● **How to complete this task**: Reproduce the section of the listing that begins at the line containing "P&O : Subsystem" and finishes at the line containing "Variant PSO/2(Out2) -> Mux1/3". Include both end lines and nothing beyond them.

● **Material for this task**:

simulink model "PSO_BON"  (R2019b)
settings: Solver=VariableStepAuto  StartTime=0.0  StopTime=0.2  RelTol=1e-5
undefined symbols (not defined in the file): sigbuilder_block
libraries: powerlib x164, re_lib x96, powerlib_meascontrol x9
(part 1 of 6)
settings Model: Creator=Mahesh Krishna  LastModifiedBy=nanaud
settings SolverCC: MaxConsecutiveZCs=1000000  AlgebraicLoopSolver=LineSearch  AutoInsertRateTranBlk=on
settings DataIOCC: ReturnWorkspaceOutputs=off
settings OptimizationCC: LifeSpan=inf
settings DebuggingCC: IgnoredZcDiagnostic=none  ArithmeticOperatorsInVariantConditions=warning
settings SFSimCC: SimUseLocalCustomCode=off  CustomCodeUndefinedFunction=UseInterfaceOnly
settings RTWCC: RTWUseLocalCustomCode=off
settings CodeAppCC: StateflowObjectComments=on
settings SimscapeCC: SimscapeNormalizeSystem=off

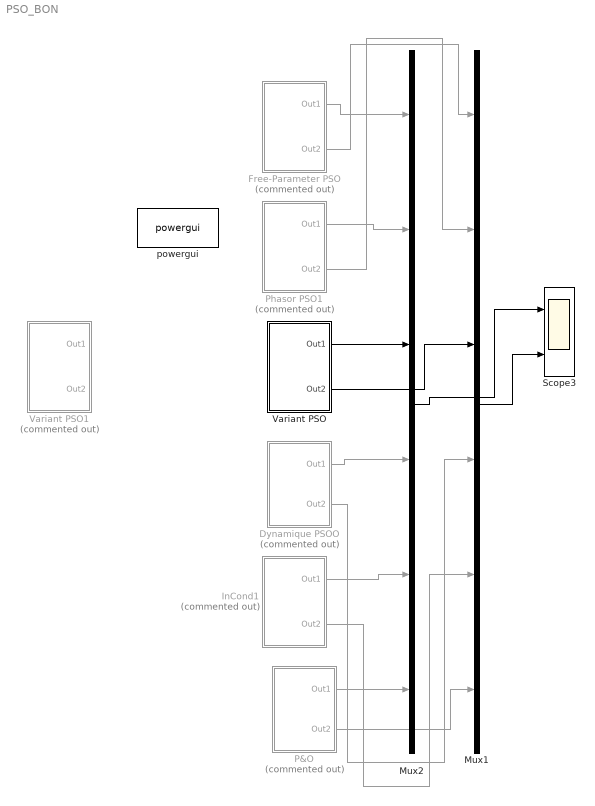
== system PSO_BON ==
  Dynamique PSOO : Subsystem  Commented=on
  Free-Parameter PSO : Subsystem  Commented=on
  InCond1 : Subsystem  Commented=on
  Mux1 : Mux  Inputs=6
  Mux2 : Mux  Inputs=6
  P&O : Subsystem  Commented=on
  Phasor PSO1 : Subsystem  Commented=on
  Scope3 : Scope  NumInputPorts=2
  Variant PSO : Subsystem
  Variant PSO1 : Subsystem  Commented=on
  powergui : powerlib/powergui  Priority=1  SimulationMode=Continuous  SampleTime=1e-6  frequency=60  Iterations=50  frequencyindice=0  Pbase=100e6  ErrMax=1e-4  UnitsV=kV  UnitsW=MW  buscounter=0  FunctionMessages=off  echomessages=off  EnableUseOfTLC=off  CurrentSourceSwitches=off  DisableSnubberDevices=off  DisableRonSwitches=off  DisableVfSwitches=off  DisplayEquations=off  AutomaticDiscreteSolvers=off  SolverType=Tustin/Backward Euler (TBE)  Interpol=off  ExternalGateDelay=off  methode=off  Ts=100  x0status=blocks  SPID=on  SwTol=0  HookPort=off  NonlinearTolerance=1e-4  nMaxIteration=100  ContinueOnMaxIteration=off  RestoreLinks=warning  ResistiveCurrentMeasurement=off  Frange=[0:2:500]  Ylog=off  Xlog=on  ShowGrid=off  save=off  variable=ZData  structure=0  ZoomFFT=off  StartTime=0.0  cycles=1  DisplayStyle=1  fundamental=60  FreqAxis=off  MaxFrequency=1000  frequencyindicesteady=1  RmsSteady=1  display=off
      settings: SourceProductName=Simscape Electrical
  wires:
  Mux2/1 -> Scope3/1
  Mux1/1 -> Scope3/2
  Free-Parameter PSO/1(Out1) -> Mux2/1
  P&O/1(Out1) -> Mux2/6
  InCond1/1(Out1) -> Mux2/5
  Dynamique PSOO/1(Out1) -> Mux2/4
  Variant PSO/1(Out1) -> Mux2/3
  Phasor PSO1/1(Out1) -> Mux2/2
  Free-Parameter PSO/2(Out2) -> Mux1/1
  Phasor PSO1/2(Out2) -> Mux1/2
  Variant PSO/2(Out2) -> Mux1/3
  Dynamique PSOO/2(Out2) -> Mux1/4
  InCond1/2(Out2) -> Mux1/5
  P&O/2(Out2) -> Mux1/6

== system PSO_BON/Dynamique PSOO ==
  Diode1 : powerlib/Power Electronics/Diode  Ron=1e-3  Lon=0  Vf=0  IC=0  UseSnubber=off  Rs=inf  Cs=inf  Measurements=off
      settings: SourceProductName=Simscape Electrical
  I : powerlib/Measurements/Current Measurement  PhasorSimulation=off  OutputType=Magnitude  PSBequivalent=0
      settings: SourceProductName=Simscape Electrical
  L : powerlib/Elements/Series RLC Branch  LConnTagsString=__new0  RConnTagsString=__new0  BranchType=L  Resistance=1e-3  Inductance=5e-3  SetiL0=off  InitialCurrent=0  Capacitance=1e-6  Setx0=off  InitialVoltage=0  Measurements=None
      settings: SourceProductName=Simscape Electrical
  M : powerlib/Power Electronics/Mosfet  Ron=1e-3  Lon=0  Rd=1e-3  Vfd=0  IC=0  Rs=inf  Cs=inf  Measurements=off
      settings: SourceProductName=Simscape Electrical
  MATLAB Function1 : MATLAB Function  TreatAsAtomicUnit=on
  Memory1 : Memory  LinearizeMemory=on
  Memory2 : Memory  LinearizeMemory=on
  Memory3 : Memory  LinearizeMemory=on
  PWM Generator (DC-DC)1 : powerlib_meascontrol/Pulse & Signal Generators/PWM Generator (DC-DC)  Fsw=40000  Ts=0
      settings: SourceProductName=Simscape Electrical
  Panel Surya : Subsystem
  Product1 : Product
  Saturation [0...1] : Saturate  UpperLimit=1  LowerLimit=0
  Series RLC Branch1 : powerlib/Elements/Series RLC Branch  LConnTagsString=__new0  RConnTagsString=__new0  BranchType=C  Resistance=1e-4  Inductance=200e-6  SetiL0=off  InitialCurrent=0  Capacitance=1e-6  Setx0=off  InitialVoltage=40  Measurements=None
      settings: SourceProductName=Simscape Electrical
  Series RLC Branch3 : powerlib/Elements/Series RLC Branch  LConnTagsString=__new0  RConnTagsString=__new0  BranchType=R  Resistance=100  Inductance=200e-6  SetiL0=off  InitialCurrent=0  Capacitance=1000e-6  Setx0=off  InitialVoltage=40  Measurements=None
      settings: SourceProductName=Simscape Electrical
  To Workspace4 : ToWorkspace  VariableName=Power5  SaveFormat=Structure With Time  SampleTime=-1
  To Workspace5 : ToWorkspace  VariableName=Duty5  SaveFormat=Structure With Time  SampleTime=-1
  Voltage Measurement1 : powerlib/Measurements/Voltage Measurement  PhasorSimulation=off  OutputType=Magnitude  PSBequivalent=0
      settings: SourceProductName=Simscape Electrical
  c : powerlib/Elements/Series RLC Branch  LConnTagsString=__new0  RConnTagsString=__new0  BranchType=C  Resistance=1e-3  Inductance=250e-6  SetiL0=off  InitialCurrent=0  Capacitance=10e-6  Setx0=off  InitialVoltage=0  Measurements=None
      settings: SourceProductName=Simscape Electrical
  Out1 : Outport
  Out2 : Outport  Port=2
  wires:
  Memory3/1 -> MATLAB Function1/2(Ipv)
  Memory2/1 -> MATLAB Function1/1(Vpv)
  I/1 -> [Ipv]
  Voltage Measurement1/1 -> [Vpv]
  PWM Generator (DC-DC)1/1 -> M/1
  Memory1/1 -> PWM Generator (DC-DC)1/1, To Workspace5/1, Out2/1
  Product1/1 -> To Workspace4/1, Out1/1
  [Ipv] -> Product1/1, Memory3/1
  [Vpv] -> Product1/2, Memory2/1
  MATLAB Function1/1(D) -> Saturation [0...1]/1
  Saturation [0...1]/1 -> Memory1/1
  connections:
  Panel Surya/RConn1 -- I/LConn1
  L/RConn1 -- M/LConn1 -- Diode1/LConn1
  Series RLC Branch1/LConn1 -- Diode1/RConn1 -- Series RLC Branch3/LConn1
  M/RConn1 -- Series RLC Branch3/RConn1 -- Series RLC Branch1/RConn1 -- c/RConn1 -- Panel Surya/RConn2 -- Voltage Measurement1/LConn2
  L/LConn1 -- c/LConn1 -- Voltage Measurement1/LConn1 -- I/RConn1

● **Solution to this task**:
  P&O : Subsystem  Commented=on
  Phasor PSO1 : Subsystem  Commented=on
  Scope3 : Scope  NumInputPorts=2
  Variant PSO : Subsystem
  Variant PSO1 : Subsystem  Commented=on
  powergui : powerlib/powergui  Priority=1  SimulationMode=Continuous  SampleTime=1e-6  frequency=60  Iterations=50  frequencyindice=0  Pbase=100e6  ErrMax=1e-4  UnitsV=kV  UnitsW=MW  buscounter=0  FunctionMessages=off  echomessages=off  EnableUseOfTLC=off  CurrentSourceSwitches=off  DisableSnubberDevices=off  DisableRonSwitches=off  DisableVfSwitches=off  DisplayEquations=off  AutomaticDiscreteSolvers=off  SolverType=Tustin/Backward Euler (TBE)  Interpol=off  ExternalGateDelay=off  methode=off  Ts=100  x0status=blocks  SPID=on  SwTol=0  HookPort=off  NonlinearTolerance=1e-4  nMaxIteration=100  ContinueOnMaxIteration=off  RestoreLinks=warning  ResistiveCurrentMeasurement=off  Frange=[0:2:500]  Ylog=off  Xlog=on  ShowGrid=off  save=off  variable=ZData  structure=0  ZoomFFT=off  StartTime=0.0  cycles=1  DisplayStyle=1  fundamental=60  FreqAxis=off  MaxFrequency=1000  frequencyindicesteady=1  RmsSteady=1  display=off
      settings: SourceProductName=Simscape Electrical
  wires:
  Mux2/1 -> Scope3/1
  Mux1/1 -> Scope3/2
  Free-Parameter PSO/1(Out1) -> Mux2/1
  P&O/1(Out1) -> Mux2/6
  InCond1/1(Out1) -> Mux2/5
  Dynamique PSOO/1(Out1) -> Mux2/4
  Variant PSO/1(Out1) -> Mux2/3
  Phasor PSO1/1(Out1) -> Mux2/2
  Free-Parameter PSO/2(Out2) -> Mux1/1
  Phasor PSO1/2(Out2) -> Mux1/2
  Variant PSO/2(Out2) -> Mux1/3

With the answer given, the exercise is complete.